The records:
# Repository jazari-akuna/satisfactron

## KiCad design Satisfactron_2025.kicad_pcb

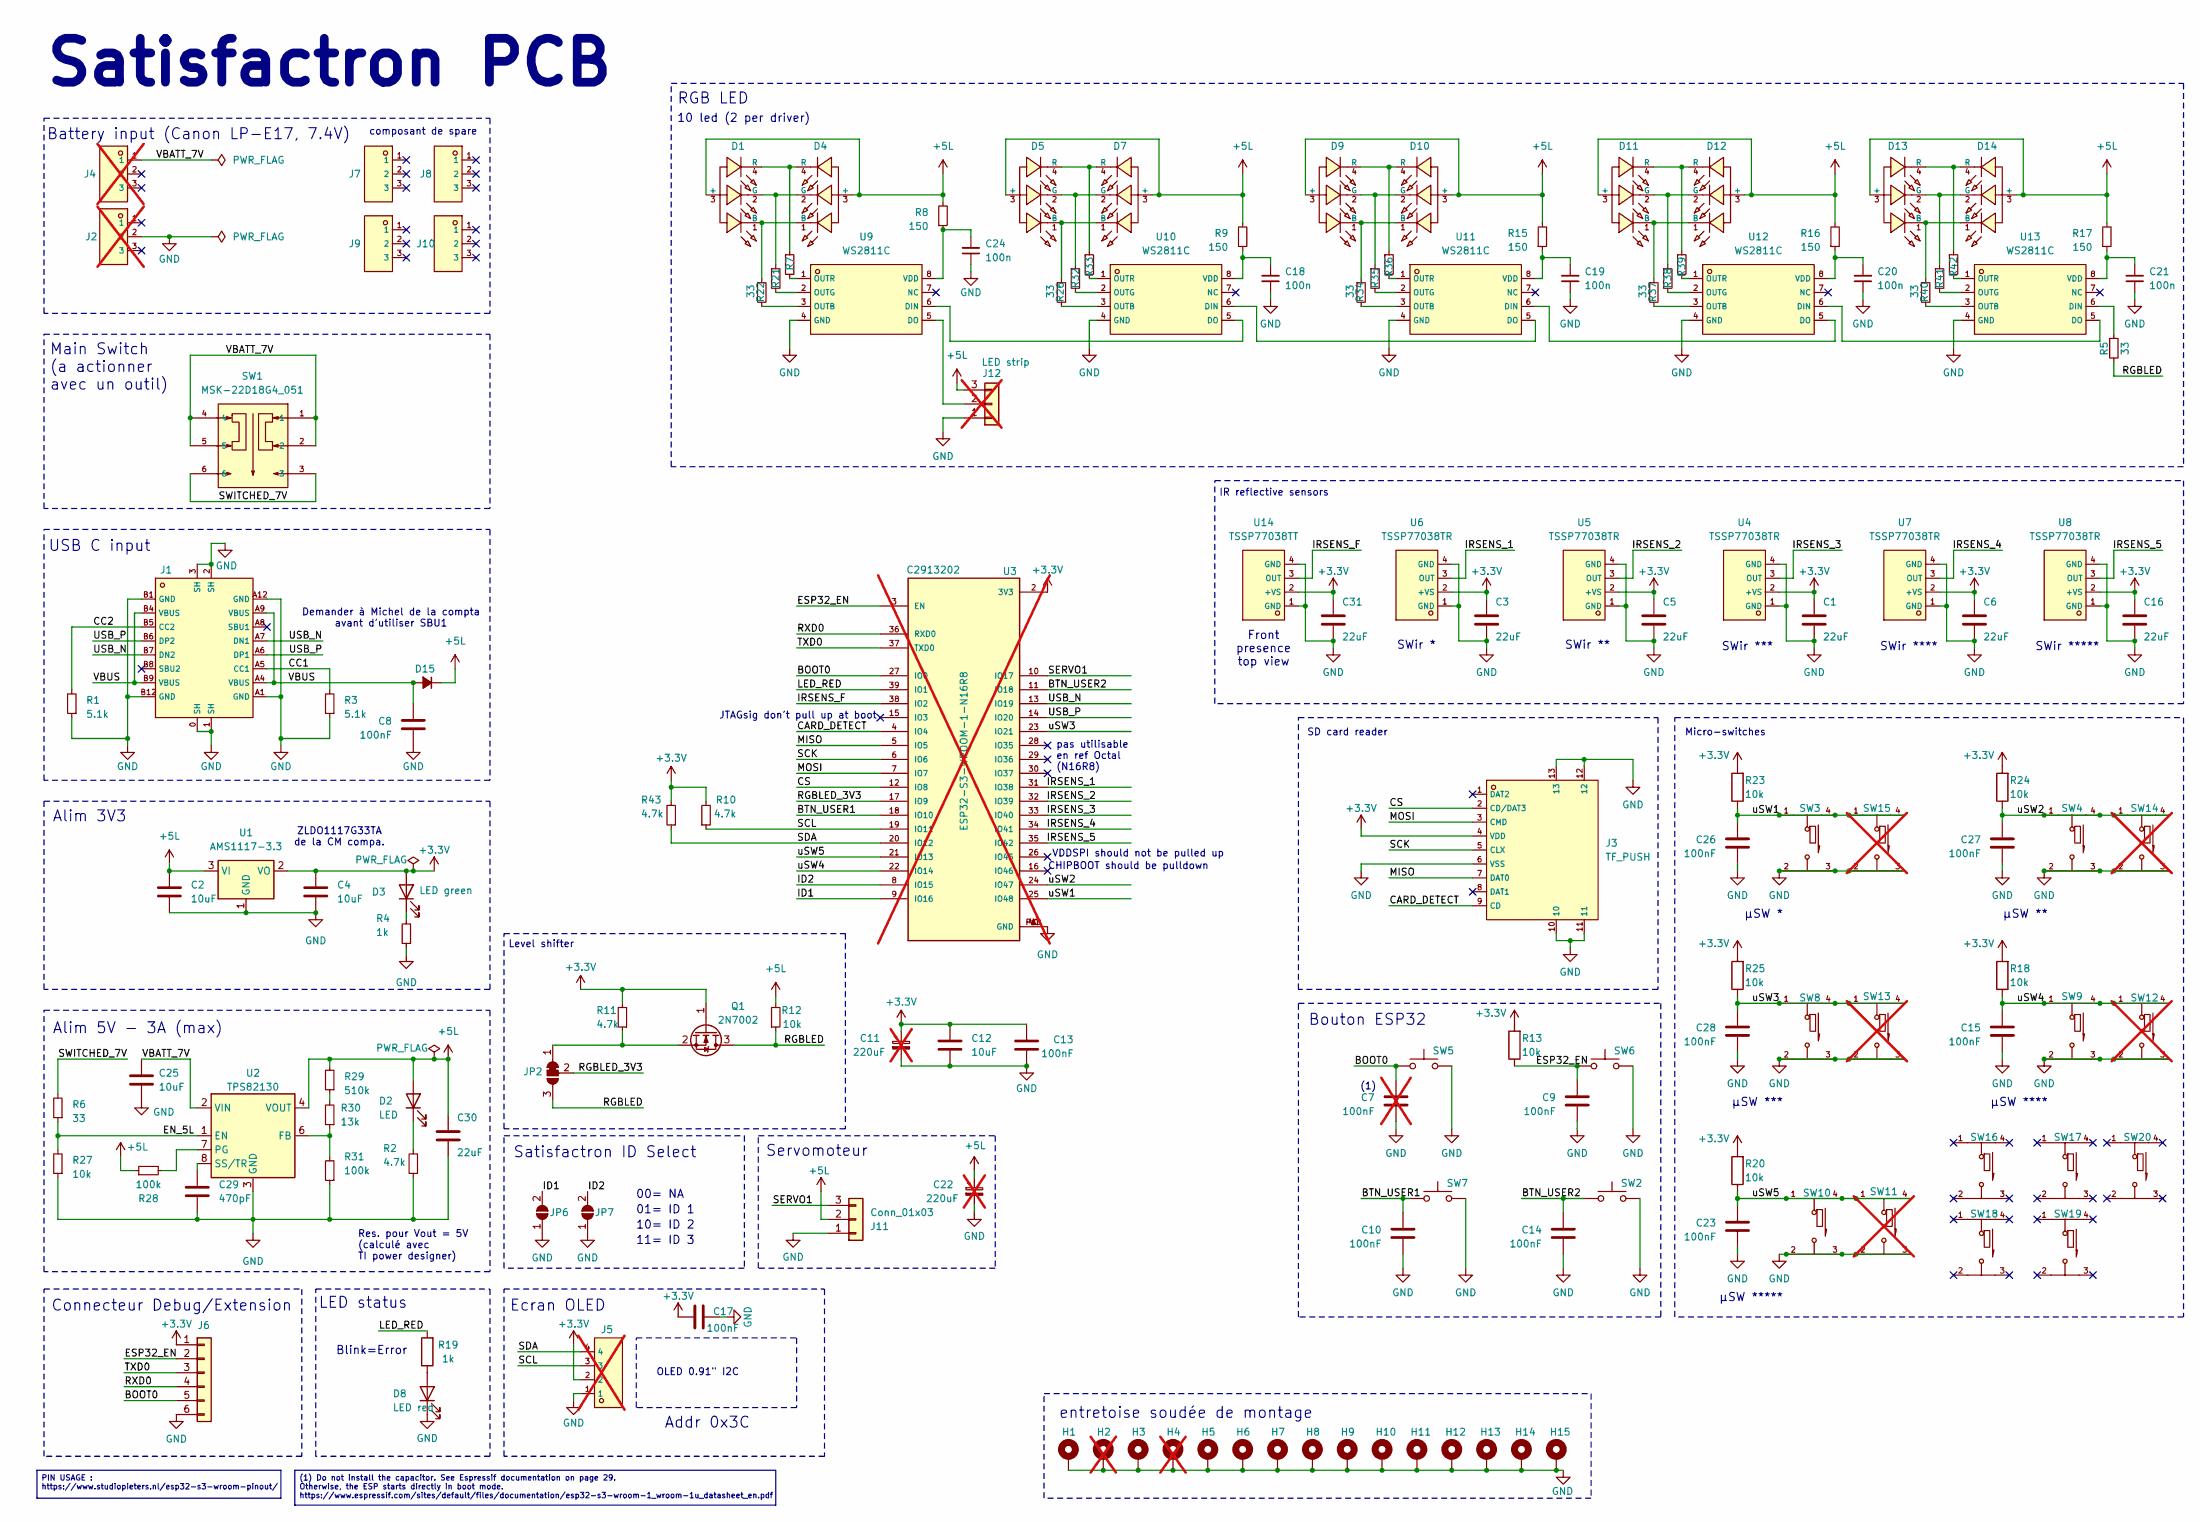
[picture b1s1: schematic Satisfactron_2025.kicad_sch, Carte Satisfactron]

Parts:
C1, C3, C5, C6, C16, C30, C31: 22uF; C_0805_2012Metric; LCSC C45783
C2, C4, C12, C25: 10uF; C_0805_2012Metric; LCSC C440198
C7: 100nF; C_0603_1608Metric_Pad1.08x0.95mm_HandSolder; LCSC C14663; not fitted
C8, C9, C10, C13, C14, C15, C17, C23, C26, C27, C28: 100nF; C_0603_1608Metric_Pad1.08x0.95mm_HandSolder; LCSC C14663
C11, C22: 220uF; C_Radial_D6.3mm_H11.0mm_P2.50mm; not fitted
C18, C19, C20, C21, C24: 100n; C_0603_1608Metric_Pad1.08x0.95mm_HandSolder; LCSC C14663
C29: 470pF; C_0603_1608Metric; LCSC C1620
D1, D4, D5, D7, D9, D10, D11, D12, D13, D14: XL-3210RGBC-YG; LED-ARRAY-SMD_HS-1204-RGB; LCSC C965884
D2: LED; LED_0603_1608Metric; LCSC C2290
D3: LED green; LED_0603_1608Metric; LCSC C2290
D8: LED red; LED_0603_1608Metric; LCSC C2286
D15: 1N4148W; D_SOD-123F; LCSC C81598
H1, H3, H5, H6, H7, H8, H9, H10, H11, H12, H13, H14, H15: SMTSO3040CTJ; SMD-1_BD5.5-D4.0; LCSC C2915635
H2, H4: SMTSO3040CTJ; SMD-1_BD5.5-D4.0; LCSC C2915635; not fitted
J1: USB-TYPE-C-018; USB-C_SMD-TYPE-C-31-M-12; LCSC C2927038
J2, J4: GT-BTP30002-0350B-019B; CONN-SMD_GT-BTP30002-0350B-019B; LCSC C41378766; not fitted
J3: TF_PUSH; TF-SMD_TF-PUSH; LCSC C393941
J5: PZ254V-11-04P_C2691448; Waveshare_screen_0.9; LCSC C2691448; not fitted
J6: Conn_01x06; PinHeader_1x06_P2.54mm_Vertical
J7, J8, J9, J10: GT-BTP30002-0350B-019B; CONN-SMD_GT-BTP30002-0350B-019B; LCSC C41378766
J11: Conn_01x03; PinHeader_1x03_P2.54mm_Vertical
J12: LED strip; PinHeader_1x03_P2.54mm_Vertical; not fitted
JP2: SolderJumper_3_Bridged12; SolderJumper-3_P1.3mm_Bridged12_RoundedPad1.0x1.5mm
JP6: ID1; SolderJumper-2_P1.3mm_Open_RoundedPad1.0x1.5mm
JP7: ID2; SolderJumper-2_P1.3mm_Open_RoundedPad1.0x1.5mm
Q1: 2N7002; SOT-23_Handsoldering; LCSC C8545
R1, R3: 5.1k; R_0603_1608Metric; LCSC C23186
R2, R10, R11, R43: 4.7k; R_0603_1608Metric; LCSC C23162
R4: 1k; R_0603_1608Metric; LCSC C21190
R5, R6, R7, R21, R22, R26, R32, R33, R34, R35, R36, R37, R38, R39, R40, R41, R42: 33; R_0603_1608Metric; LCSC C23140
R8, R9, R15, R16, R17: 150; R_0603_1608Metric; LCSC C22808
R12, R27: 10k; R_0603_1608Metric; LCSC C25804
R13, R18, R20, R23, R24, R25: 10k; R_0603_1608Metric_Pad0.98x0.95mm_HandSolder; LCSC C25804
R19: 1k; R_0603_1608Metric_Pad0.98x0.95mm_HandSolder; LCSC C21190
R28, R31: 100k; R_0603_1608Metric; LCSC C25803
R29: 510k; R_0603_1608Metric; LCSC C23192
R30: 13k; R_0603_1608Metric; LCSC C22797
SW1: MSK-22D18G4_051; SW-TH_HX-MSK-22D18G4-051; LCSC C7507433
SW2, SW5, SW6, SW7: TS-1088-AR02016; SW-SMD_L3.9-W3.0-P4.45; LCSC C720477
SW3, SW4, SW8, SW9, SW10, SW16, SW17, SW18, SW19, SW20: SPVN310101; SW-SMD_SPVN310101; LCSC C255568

Task goal:
Extract the entries in full, exactly as they are, minus the pictures.

Completed exercise:
# Repository jazari-akuna/satisfactron

## KiCad design Satisfactron_2025.kicad_pcb

[picture b1s1: schematic Satisfactron_2025.kicad_sch, Carte Satisfactron]

Parts:
C1, C3, C5, C6, C16, C30, C31: 22uF; C_0805_2012Metric; LCSC C45783
C2, C4, C12, C25: 10uF; C_0805_2012Metric; LCSC C440198
C7: 100nF; C_0603_1608Metric_Pad1.08x0.95mm_HandSolder; LCSC C14663; not fitted
C8, C9, C10, C13, C14, C15, C17, C23, C26, C27, C28: 100nF; C_0603_1608Metric_Pad1.08x0.95mm_HandSolder; LCSC C14663
C11, C22: 220uF; C_Radial_D6.3mm_H11.0mm_P2.50mm; not fitted
C18, C19, C20, C21, C24: 100n; C_0603_1608Metric_Pad1.08x0.95mm_HandSolder; LCSC C14663
C29: 470pF; C_0603_1608Metric; LCSC C1620
D1, D4, D5, D7, D9, D10, D11, D12, D13, D14: XL-3210RGBC-YG; LED-ARRAY-SMD_HS-1204-RGB; LCSC C965884
D2: LED; LED_0603_1608Metric; LCSC C2290
D3: LED green; LED_0603_1608Metric; LCSC C2290
D8: LED red; LED_0603_1608Metric; LCSC C2286
D15: 1N4148W; D_SOD-123F; LCSC C81598
H1, H3, H5, H6, H7, H8, H9, H10, H11, H12, H13, H14, H15: SMTSO3040CTJ; SMD-1_BD5.5-D4.0; LCSC C2915635
H2, H4: SMTSO3040CTJ; SMD-1_BD5.5-D4.0; LCSC C2915635; not fitted
J1: USB-TYPE-C-018; USB-C_SMD-TYPE-C-31-M-12; LCSC C2927038
J2, J4: GT-BTP30002-0350B-019B; CONN-SMD_GT-BTP30002-0350B-019B; LCSC C41378766; not fitted
J3: TF_PUSH; TF-SMD_TF-PUSH; LCSC C393941
J5: PZ254V-11-04P_C2691448; Waveshare_screen_0.9; LCSC C2691448; not fitted
J6: Conn_01x06; PinHeader_1x06_P2.54mm_Vertical
J7, J8, J9, J10: GT-BTP30002-0350B-019B; CONN-SMD_GT-BTP30002-0350B-019B; LCSC C41378766
J11: Conn_01x03; PinHeader_1x03_P2.54mm_Vertical
J12: LED strip; PinHeader_1x03_P2.54mm_Vertical; not fitted
JP2: SolderJumper_3_Bridged12; SolderJumper-3_P1.3mm_Bridged12_RoundedPad1.0x1.5mm
JP6: ID1; SolderJumper-2_P1.3mm_Open_RoundedPad1.0x1.5mm
JP7: ID2; SolderJumper-2_P1.3mm_Open_RoundedPad1.0x1.5mm
Q1: 2N7002; SOT-23_Handsoldering; LCSC C8545
R1, R3: 5.1k; R_0603_1608Metric; LCSC C23186
R2, R10, R11, R43: 4.7k; R_0603_1608Metric; LCSC C23162
R4: 1k; R_0603_1608Metric; LCSC C21190
R5, R6, R7, R21, R22, R26, R32, R33, R34, R35, R36, R37, R38, R39, R40, R41, R42: 33; R_0603_1608Metric; LCSC C23140
R8, R9, R15, R16, R17: 150; R_0603_1608Metric; LCSC C22808
R12, R27: 10k; R_0603_1608Metric; LCSC C25804
R13, R18, R20, R23, R24, R25: 10k; R_0603_1608Metric_Pad0.98x0.95mm_HandSolder; LCSC C25804
R19: 1k; R_0603_1608Metric_Pad0.98x0.95mm_HandSolder; LCSC C21190
R28, R31: 100k; R_0603_1608Metric; LCSC C25803
R29: 510k; R_0603_1608Metric; LCSC C23192
R30: 13k; R_0603_1608Metric; LCSC C22797
SW1: MSK-22D18G4_051; SW-TH_HX-MSK-22D18G4-051; LCSC C7507433
SW2, SW5, SW6, SW7: TS-1088-AR02016; SW-SMD_L3.9-W3.0-P4.45; LCSC C720477
SW3, SW4, SW8, SW9, SW10, SW16, SW17, SW18, SW19, SW20: SPVN310101; SW-SMD_SPVN310101; LCSC C255568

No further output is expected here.